# What you will do:
Transcribe the whole listing without a single picture.

# Records shown:
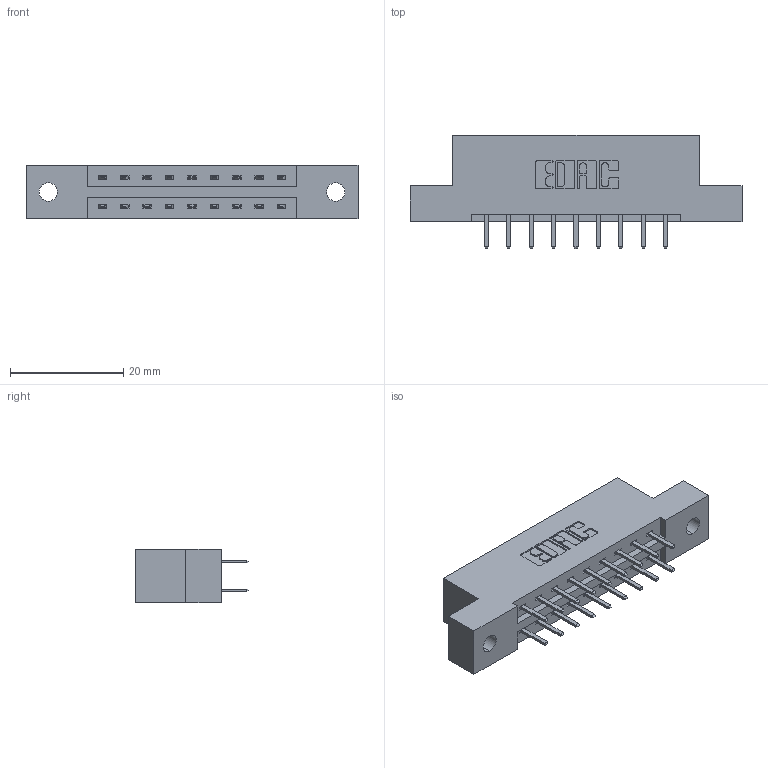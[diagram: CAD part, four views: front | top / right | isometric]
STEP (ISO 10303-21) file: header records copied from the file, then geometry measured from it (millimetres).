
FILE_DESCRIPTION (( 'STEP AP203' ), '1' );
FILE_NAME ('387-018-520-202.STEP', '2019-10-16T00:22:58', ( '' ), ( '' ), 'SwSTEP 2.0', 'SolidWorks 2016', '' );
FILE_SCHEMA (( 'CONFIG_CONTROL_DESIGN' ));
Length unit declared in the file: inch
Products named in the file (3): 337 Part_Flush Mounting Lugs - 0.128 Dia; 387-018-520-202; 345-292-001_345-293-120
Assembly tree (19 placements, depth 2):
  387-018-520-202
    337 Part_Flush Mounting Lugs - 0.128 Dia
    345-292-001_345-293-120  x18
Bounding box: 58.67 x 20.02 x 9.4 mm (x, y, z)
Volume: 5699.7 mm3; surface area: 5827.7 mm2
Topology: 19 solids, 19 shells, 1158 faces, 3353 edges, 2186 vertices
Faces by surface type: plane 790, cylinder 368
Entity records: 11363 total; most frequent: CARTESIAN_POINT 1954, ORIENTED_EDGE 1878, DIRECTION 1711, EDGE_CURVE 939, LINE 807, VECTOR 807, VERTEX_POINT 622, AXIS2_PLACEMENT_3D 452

# The completed task:
[diagram: CAD part, four views: front | top / right | isometric]
STEP (ISO 10303-21) file: header records copied from the file, then geometry measured from it (millimetres).
FILE_DESCRIPTION (( 'STEP AP203' ), '1' );
FILE_NAME ('387-018-520-202.STEP', '2019-10-16T00:22:58', ( '' ), ( '' ), 'SwSTEP 2.0', 'SolidWorks 2016', '' );
FILE_SCHEMA (( 'CONFIG_CONTROL_DESIGN' ));
Length unit declared in the file: inch
Products named in the file (3): 337 Part_Flush Mounting Lugs - 0.128 Dia; 387-018-520-202; 345-292-001_345-293-120
Assembly tree (19 placements, depth 2):
  387-018-520-202
    337 Part_Flush Mounting Lugs - 0.128 Dia
    345-292-001_345-293-120  x18
Bounding box: 58.67 x 20.02 x 9.4 mm (x, y, z)
Volume: 5699.7 mm3; surface area: 5827.7 mm2
Topology: 19 solids, 19 shells, 1158 faces, 3353 edges, 2186 vertices
Faces by surface type: plane 790, cylinder 368
Entity records: 11363 total; most frequent: CARTESIAN_POINT 1954, ORIENTED_EDGE 1878, DIRECTION 1711, EDGE_CURVE 939, LINE 807, VECTOR 807, VERTEX_POINT 622, AXIS2_PLACEMENT_3D 452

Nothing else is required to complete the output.